First-in-dog clinical trial of adoptive transfer of allogeneic canine NK cells. (A) Schema of trial design combining adoptive transfer of PBMC-expanded allogeneic NK cells with palliative radiotherapy (RT). PBMCs were isolated from healthy donor beagle blood 14 days before the scheduled NK cell infusion for each patient. Donor PBMC-expanded NK cells at a dose of 7.5 million cells/kg were injected intravenous in patients on completion of RT. (B) Characteristics of the five total dogs with malignant melanoma that met entry criteria and were enrolled in the trial. Dogs ID 1, 4, and 5 had known lymph node metastasis on enrollment and dog ID 4 had pulmonary metastasis on enrollment. Survival was calculated from initiation of RT to death or humane euthanasia. PBMCs were isolated from patients’ whole blood at six timepoint and submitted for 3’-Tag-RNA-seq. (C) Principal component analysis (PCA) of cells color-coded by patient and symbols distinguishing timepoint, demonstrated PBMCs clustered based on the dog they originated from rather than timepoint of treatment. (D) A heatmap depicting log counts per million (logCPM) transformed expression of key NK-related genes shows variation across both patients and treatment. (E) Absolute normalized counts for CD16, KLRB1, NKG2D, and TIGIT were visualized as an aggregate of all patients at each timepoint (box and whiskers, left) and individual values by patient (right).

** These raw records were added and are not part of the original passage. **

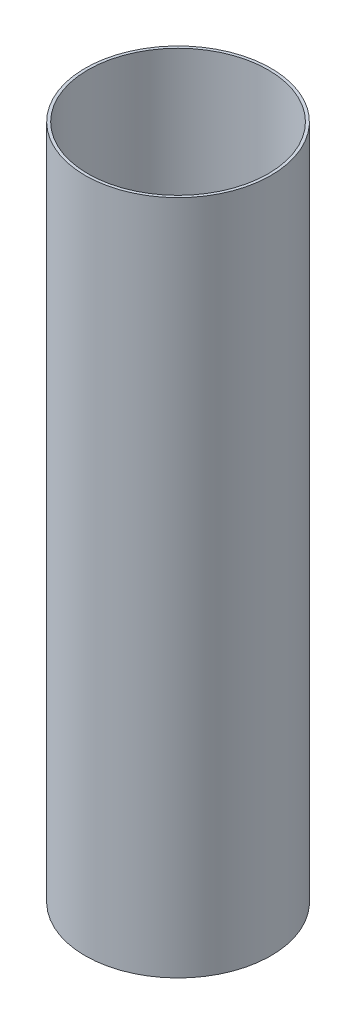
ISO-10303-21;
HEADER;
FILE_DESCRIPTION(('STEP AP214'),'2;1');
FILE_NAME('part.step','',(''),(''),'','','');
FILE_SCHEMA(('AUTOMOTIVE_DESIGN { 1 0 10303 214 1 1 1 1 }'));
ENDSEC;
DATA;
#1=APPLICATION_CONTEXT('core data for automotive mechanical design processes');
#2=APPLICATION_PROTOCOL_DEFINITION('international standard','automotive_design',2000,#1);
#3=PRODUCT_CONTEXT('',#1,'mechanical');
#4=PRODUCT('Part','Part','',(#3));
#5=PRODUCT_RELATED_PRODUCT_CATEGORY('part','',(#4));
#6=PRODUCT_DEFINITION_FORMATION('','',#4);
#7=PRODUCT_DEFINITION_CONTEXT('part definition',#1,'design');
#8=PRODUCT_DEFINITION('design','',#6,#7);
#9=PRODUCT_DEFINITION_SHAPE('','',#8);
#10=(LENGTH_UNIT() NAMED_UNIT(*) SI_UNIT(.MILLI.,.METRE.));
#11=(NAMED_UNIT(*) PLANE_ANGLE_UNIT() SI_UNIT($,.RADIAN.));
#12=(NAMED_UNIT(*) SI_UNIT($,.STERADIAN.) SOLID_ANGLE_UNIT());
#13=UNCERTAINTY_MEASURE_WITH_UNIT(LENGTH_MEASURE(1.E-05),#10,'distance_accuracy_value','');
#14=(GEOMETRIC_REPRESENTATION_CONTEXT(3) GLOBAL_UNCERTAINTY_ASSIGNED_CONTEXT((#13)) GLOBAL_UNIT_ASSIGNED_CONTEXT((#10,
#11,#12)) REPRESENTATION_CONTEXT('',''));
#15=CARTESIAN_POINT('',(0.,0.,0.));
#16=DIRECTION('',(0.,0.,1.));
#17=DIRECTION('',(1.,0.,0.));
#18=AXIS2_PLACEMENT_3D('',#15,#16,#17);
#19=CARTESIAN_POINT('',(0.,762.,0.));
#20=DIRECTION('',(0.,-1.,0.));
#21=DIRECTION('',(0.,0.,-1.));
#22=AXIS2_PLACEMENT_3D('',#19,#20,#21);
#23=CYLINDRICAL_SURFACE('',#22,101.6);
#24=CARTESIAN_POINT('',(0.,762.,0.));
#25=DIRECTION('',(0.,1.,0.));
#26=DIRECTION('',(0.,0.,1.));
#27=AXIS2_PLACEMENT_3D('',#24,#25,#26);
#28=CIRCLE('',#27,101.6);
#29=CARTESIAN_POINT('',(0.,762.,101.6));
#30=VERTEX_POINT('',#29);
#31=EDGE_CURVE('E40',#30,#30,#28,.T.);
#32=ORIENTED_EDGE('',*,*,#31,.T.);
#33=EDGE_LOOP('',(#32));
#34=FACE_BOUND('',#33,.T.);
#35=CARTESIAN_POINT('',(0.,0.,0.));
#36=DIRECTION('',(0.,1.,0.));
#37=DIRECTION('',(0.,0.,1.));
#38=AXIS2_PLACEMENT_3D('',#35,#36,#37);
#39=CIRCLE('',#38,101.6);
#40=CARTESIAN_POINT('',(0.,0.,101.6));
#41=VERTEX_POINT('',#40);
#42=EDGE_CURVE('E46',#41,#41,#39,.T.);
#43=ORIENTED_EDGE('',*,*,#42,.F.);
#44=EDGE_LOOP('',(#43));
#45=FACE_BOUND('',#44,.T.);
#46=ADVANCED_FACE('F33',(#34,#45),#23,.F.);
#47=CARTESIAN_POINT('',(0.,762.,0.));
#48=DIRECTION('',(0.,-1.,0.));
#49=DIRECTION('',(0.,0.,-1.));
#50=AXIS2_PLACEMENT_3D('',#47,#48,#49);
#51=CYLINDRICAL_SURFACE('',#50,104.775);
#52=CARTESIAN_POINT('',(0.,762.,0.));
#53=DIRECTION('',(0.,1.,0.));
#54=DIRECTION('',(0.,0.,1.));
#55=AXIS2_PLACEMENT_3D('',#52,#53,#54);
#56=CIRCLE('',#55,104.775);
#57=CARTESIAN_POINT('',(0.,762.,104.775));
#58=VERTEX_POINT('',#57);
#59=EDGE_CURVE('E10',#58,#58,#56,.T.);
#60=ORIENTED_EDGE('',*,*,#59,.F.);
#61=EDGE_LOOP('',(#60));
#62=FACE_BOUND('',#61,.T.);
#63=CARTESIAN_POINT('',(0.,0.,0.));
#64=DIRECTION('',(0.,1.,0.));
#65=DIRECTION('',(0.,0.,1.));
#66=AXIS2_PLACEMENT_3D('',#63,#64,#65);
#67=CIRCLE('',#66,104.775);
#68=CARTESIAN_POINT('',(0.,0.,104.775));
#69=VERTEX_POINT('',#68);
#70=EDGE_CURVE('E36',#69,#69,#67,.T.);
#71=ORIENTED_EDGE('',*,*,#70,.T.);
#72=EDGE_LOOP('',(#71));
#73=FACE_BOUND('',#72,.T.);
#74=ADVANCED_FACE('F53',(#62,#73),#51,.T.);
#75=CARTESIAN_POINT('',(0.,762.,0.));
#76=DIRECTION('',(0.,1.,0.));
#77=DIRECTION('',(0.,0.,1.));
#78=AXIS2_PLACEMENT_3D('',#75,#76,#77);
#79=PLANE('',#78);
#80=ORIENTED_EDGE('',*,*,#31,.F.);
#81=EDGE_LOOP('',(#80));
#82=FACE_BOUND('',#81,.T.);
#83=ORIENTED_EDGE('',*,*,#59,.T.);
#84=EDGE_LOOP('',(#83));
#85=FACE_BOUND('',#84,.T.);
#86=ADVANCED_FACE('F57',(#82,#85),#79,.T.);
#87=CARTESIAN_POINT('',(0.,0.,0.));
#88=DIRECTION('',(0.,1.,0.));
#89=DIRECTION('',(0.,0.,1.));
#90=AXIS2_PLACEMENT_3D('',#87,#88,#89);
#91=PLANE('',#90);
#92=ORIENTED_EDGE('',*,*,#42,.T.);
#93=EDGE_LOOP('',(#92));
#94=FACE_BOUND('',#93,.T.);
#95=ORIENTED_EDGE('',*,*,#70,.F.);
#96=EDGE_LOOP('',(#95));
#97=FACE_BOUND('',#96,.T.);
#98=ADVANCED_FACE('F55',(#94,#97),#91,.F.);
#99=CLOSED_SHELL('',(#46,#74,#86,#98));
#100=MANIFOLD_SOLID_BREP('B2',#99);
#101=ADVANCED_BREP_SHAPE_REPRESENTATION('',(#18,#100),#14);
#102=SHAPE_DEFINITION_REPRESENTATION(#9,#101);
ENDSEC;
END-ISO-10303-21;

While distinct peaks and trends in expression were recognized, changes between timepoints were not significant for the genes assessed. (F) Samples across timepoints were combined based on donor and compared between the dog with the longest (ID5) and the dog with the shortest (ID1) survival. Induced gene pathways in the dog with the highest survival are depicted as a dot plot of gene ontology (GO) analysis. NK, natural killer; PBMC, peripheral blood mononuclear cell.